Conditional resource caching in nginx


I ran into a problem with one of our sites today– we got promoted from a very popular YouTuber.
Google Analytics was recording around ~900 people active on our site in real-time.

Although we are prepared for some degree of traffic deviation, this was way above what we were prepared for.

After some tuning of the TCP/IP stack, activating certain performance mode features of our board software and doing some on-the-fly adjustments to our MySQL server we got stuff running again, albeit with massive lag.

One of the major problems was that our board software, in their infinite wisdom, decide to serve some screenshots via PHP instead of going through the filesystem.

REDACTED - - [21/Mar/2015:16:22:41 -0400] "GET /index.php?app=downloads&module=display&section=screenshot&id=7324 HTTP/1.0" 200 2705 "" "Mozilla/5.0 (Linux; Android 4.1.2; REDACTED"
REDACTED - - [21/Mar/2015:16:22:41 -0400] "GET /index.php?app=downloads&module=display&section=screenshot&id=7324 HTTP/1.0" 200 2705 "" "Mozilla/5.0 (Windows NT 6.1; REDACTED"
REDACTED - - [21/Mar/2015:16:22:41 -0400] "GET /index.php?app=downloads&module=display&section=screenshot&id=7320 HTTP/1.0" 200 3250 "" "Mozilla/5.0 (Linux; Android 4.1.2; REDACTED"
REDACTED - - [21/Mar/2015:16:22:41 -0400] "GET /index.php?app=downloads&module=display&section=screenshot&id=7330 HTTP/1.0" 200 4034 "" "Mozilla/5.0 (Windows NT 6.2; REDACTED"
REDACTED - - [21/Mar/2015:16:22:41 -0400] "GET /index.php?app=downloads&module=display&section=screenshot&id=7319 HTTP/1.0" 200 14571 "" "Mozilla/5.0 (Linux; REDACTED"
REDACTED - - [21/Mar/2015:16:22:41 -0400] "GET /index.php?app=downloads&module=display&section=screenshot&id=7329 HTTP/1.0" 200 26334 "" "Mozilla/5.0 (Windows NT 6.2; REDACTED"
REDACTED - - [21/Mar/2015:16:22:41 -0400] "GET /index.php?app=downloads&module=display&section=screenshot&id=7322 HTTP/1.0" 200 25411 "" "Mozilla/5.0 (Linux; REDACTED"

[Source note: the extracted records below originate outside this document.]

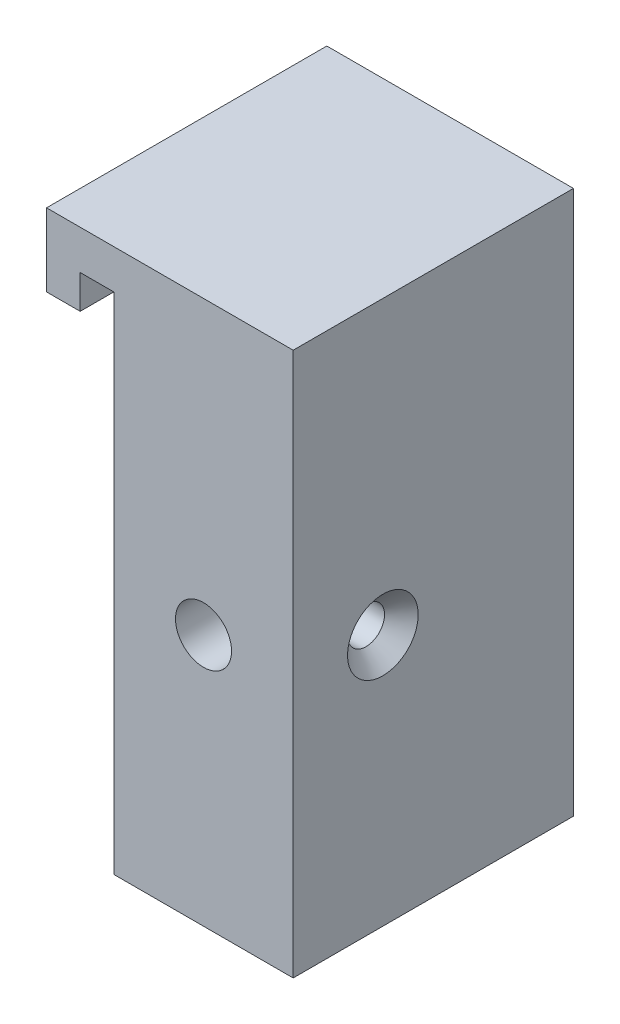
ISO-10303-21;
HEADER;
FILE_DESCRIPTION(('STEP AP214'),'2;1');
FILE_NAME('part.step','',(''),(''),'','','');
FILE_SCHEMA(('AUTOMOTIVE_DESIGN { 1 0 10303 214 1 1 1 1 }'));
ENDSEC;
DATA;
#1=APPLICATION_CONTEXT('core data for automotive mechanical design processes');
#2=APPLICATION_PROTOCOL_DEFINITION('international standard','automotive_design',2000,#1);
#3=PRODUCT_CONTEXT('',#1,'mechanical');
#4=PRODUCT('Part','Part','',(#3));
#5=PRODUCT_RELATED_PRODUCT_CATEGORY('part','',(#4));
#6=PRODUCT_DEFINITION_FORMATION('','',#4);
#7=PRODUCT_DEFINITION_CONTEXT('part definition',#1,'design');
#8=PRODUCT_DEFINITION('design','',#6,#7);
#9=PRODUCT_DEFINITION_SHAPE('','',#8);
#10=(LENGTH_UNIT() NAMED_UNIT(*) SI_UNIT(.MILLI.,.METRE.));
#11=(NAMED_UNIT(*) PLANE_ANGLE_UNIT() SI_UNIT($,.RADIAN.));
#12=(NAMED_UNIT(*) SI_UNIT($,.STERADIAN.) SOLID_ANGLE_UNIT());
#13=UNCERTAINTY_MEASURE_WITH_UNIT(LENGTH_MEASURE(1.E-05),#10,'distance_accuracy_value','');
#14=(GEOMETRIC_REPRESENTATION_CONTEXT(3) GLOBAL_UNCERTAINTY_ASSIGNED_CONTEXT((#13)) GLOBAL_UNIT_ASSIGNED_CONTEXT((#10,
#11,#12)) REPRESENTATION_CONTEXT('',''));
#15=CARTESIAN_POINT('',(0.,0.,0.));
#16=DIRECTION('',(0.,0.,1.));
#17=DIRECTION('',(1.,0.,0.));
#18=AXIS2_PLACEMENT_3D('',#15,#16,#17);
#19=CARTESIAN_POINT('',(-32.,0.,25.));
#20=DIRECTION('',(0.,1.,0.));
#21=DIRECTION('',(0.,0.,1.));
#22=AXIS2_PLACEMENT_3D('',#19,#20,#21);
#23=PLANE('',#22);
#24=CARTESIAN_POINT('',(-7.,0.,0.));
#25=DIRECTION('',(0.,-1.,0.));
#26=DIRECTION('',(0.,0.,-1.));
#27=AXIS2_PLACEMENT_3D('',#24,#25,#26);
#28=CIRCLE('',#27,3.4);
#29=CARTESIAN_POINT('',(-7.,0.,-3.4));
#30=VERTEX_POINT('',#29);
#31=EDGE_CURVE('E232',#30,#30,#28,.T.);
#32=ORIENTED_EDGE('',*,*,#31,.F.);
#33=EDGE_LOOP('',(#32));
#34=FACE_BOUND('',#33,.T.);
#35=CARTESIAN_POINT('',(-25.,0.,0.));
#36=DIRECTION('',(0.,-1.,0.));
#37=DIRECTION('',(0.,0.,-1.));
#38=AXIS2_PLACEMENT_3D('',#35,#36,#37);
#39=CIRCLE('',#38,3.4);
#40=CARTESIAN_POINT('',(-25.,0.,-3.4));
#41=VERTEX_POINT('',#40);
#42=EDGE_CURVE('E224',#41,#41,#39,.T.);
#43=ORIENTED_EDGE('',*,*,#42,.F.);
#44=EDGE_LOOP('',(#43));
#45=FACE_BOUND('',#44,.T.);
#46=DIRECTION('',(1.,0.,0.));
#47=VECTOR('',#46,1.);
#48=CARTESIAN_POINT('',(-32.,0.,-25.));
#49=LINE('',#48,#47);
#50=CARTESIAN_POINT('',(-32.,0.,-25.));
#51=VERTEX_POINT('',#50);
#52=CARTESIAN_POINT('',(0.,0.,-25.));
#53=VERTEX_POINT('',#52);
#54=EDGE_CURVE('E146',#51,#53,#49,.T.);
#55=ORIENTED_EDGE('',*,*,#54,.T.);
#56=DIRECTION('',(0.,0.,-1.));
#57=VECTOR('',#56,1.);
#58=CARTESIAN_POINT('',(0.,0.,25.));
#59=LINE('',#58,#57);
#60=CARTESIAN_POINT('',(0.,0.,25.));
#61=VERTEX_POINT('',#60);
#62=EDGE_CURVE('E11',#61,#53,#59,.T.);
#63=ORIENTED_EDGE('',*,*,#62,.F.);
#64=DIRECTION('',(1.,0.,0.));
#65=VECTOR('',#64,1.);
#66=CARTESIAN_POINT('',(-32.,0.,25.));
#67=LINE('',#66,#65);
#68=CARTESIAN_POINT('',(-32.,0.,25.));
#69=VERTEX_POINT('',#68);
#70=EDGE_CURVE('E169',#69,#61,#67,.T.);
#71=ORIENTED_EDGE('',*,*,#70,.F.);
#72=DIRECTION('',(0.,0.,-1.));
#73=VECTOR('',#72,1.);
#74=CARTESIAN_POINT('',(-32.,0.,25.));
#75=LINE('',#74,#73);
#76=EDGE_CURVE('E142',#69,#51,#75,.T.);
#77=ORIENTED_EDGE('',*,*,#76,.T.);
#78=EDGE_LOOP('',(#55,#63,#71,#77));
#79=FACE_BOUND('',#78,.T.);
#80=ADVANCED_FACE('F45',(#34,#45,#79),#23,.F.);
#81=CARTESIAN_POINT('',(0.,0.,25.));
#82=DIRECTION('',(-1.,0.,0.));
#83=DIRECTION('',(0.,0.,1.));
#84=AXIS2_PLACEMENT_3D('',#81,#82,#83);
#85=PLANE('',#84);
#86=CARTESIAN_POINT('',(0.,45.,9.));
#87=DIRECTION('',(1.,0.,0.));
#88=DIRECTION('',(0.,0.,-1.));
#89=AXIS2_PLACEMENT_3D('',#86,#87,#88);
#90=CIRCLE('',#89,6.3);
#91=CARTESIAN_POINT('',(0.,45.,2.7));
#92=VERTEX_POINT('',#91);
#93=EDGE_CURVE('E463',#92,#92,#90,.T.);
#94=ORIENTED_EDGE('',*,*,#93,.F.);
#95=EDGE_LOOP('',(#94));
#96=FACE_BOUND('',#95,.T.);
#97=DIRECTION('',(0.,1.,0.));
#98=VECTOR('',#97,1.);
#99=CARTESIAN_POINT('',(0.,0.,-25.));
#100=LINE('',#99,#98);
#101=CARTESIAN_POINT('',(0.,97.,-25.));
#102=VERTEX_POINT('',#101);
#103=EDGE_CURVE('E150',#53,#102,#100,.T.);
#104=ORIENTED_EDGE('',*,*,#103,.T.);
#105=DIRECTION('',(0.,0.,-1.));
#106=VECTOR('',#105,1.);
#107=CARTESIAN_POINT('',(0.,97.,25.));
#108=LINE('',#107,#106);
#109=CARTESIAN_POINT('',(0.,97.,25.));
#110=VERTEX_POINT('',#109);
#111=EDGE_CURVE('E54',#110,#102,#108,.T.);
#112=ORIENTED_EDGE('',*,*,#111,.F.);
#113=DIRECTION('',(0.,1.,0.));
#114=VECTOR('',#113,1.);
#115=CARTESIAN_POINT('',(0.,0.,25.));
#116=LINE('',#115,#114);
#117=EDGE_CURVE('E105',#61,#110,#116,.T.);
#118=ORIENTED_EDGE('',*,*,#117,.F.);
#119=ORIENTED_EDGE('',*,*,#62,.T.);
#120=EDGE_LOOP('',(#104,#112,#118,#119));
#121=FACE_BOUND('',#120,.T.);
#122=ADVANCED_FACE('F263',(#96,#121),#85,.F.);
#123=CARTESIAN_POINT('',(0.,97.,25.));
#124=DIRECTION('',(0.,-1.,0.));
#125=DIRECTION('',(0.,0.,-1.));
#126=AXIS2_PLACEMENT_3D('',#123,#124,#125);
#127=PLANE('',#126);
#128=DIRECTION('',(-1.,0.,0.));
#129=VECTOR('',#128,1.);
#130=CARTESIAN_POINT('',(0.,97.,-25.));
#131=LINE('',#130,#129);
#132=CARTESIAN_POINT('',(-44.,97.,-25.));
#133=VERTEX_POINT('',#132);
#134=EDGE_CURVE('E154',#102,#133,#131,.T.);
#135=ORIENTED_EDGE('',*,*,#134,.T.);
#136=DIRECTION('',(0.,0.,-1.));
#137=VECTOR('',#136,1.);
#138=CARTESIAN_POINT('',(-44.,97.,25.));
#139=LINE('',#138,#137);
#140=CARTESIAN_POINT('',(-44.,97.,25.));
#141=VERTEX_POINT('',#140);
#142=EDGE_CURVE('E180',#141,#133,#139,.T.);
#143=ORIENTED_EDGE('',*,*,#142,.F.);
#144=DIRECTION('',(-1.,0.,0.));
#145=VECTOR('',#144,1.);
#146=CARTESIAN_POINT('',(0.,97.,25.));
#147=LINE('',#146,#145);
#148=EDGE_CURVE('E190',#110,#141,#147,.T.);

This is one part of our site we hadn’t actually cached before, and was now becoming a pressing problem and the root cause (!) of everything else being slow. It seems that not only is this call expensive as it is using a PHP worker, but it’s also apparently quite expensive for the database (!).

Unfortuantly, the location block in nginx does not support GET/POST variables. The approach of using an if block here to dynamically set proxy_cache cannot be used either (as nginx disallows this).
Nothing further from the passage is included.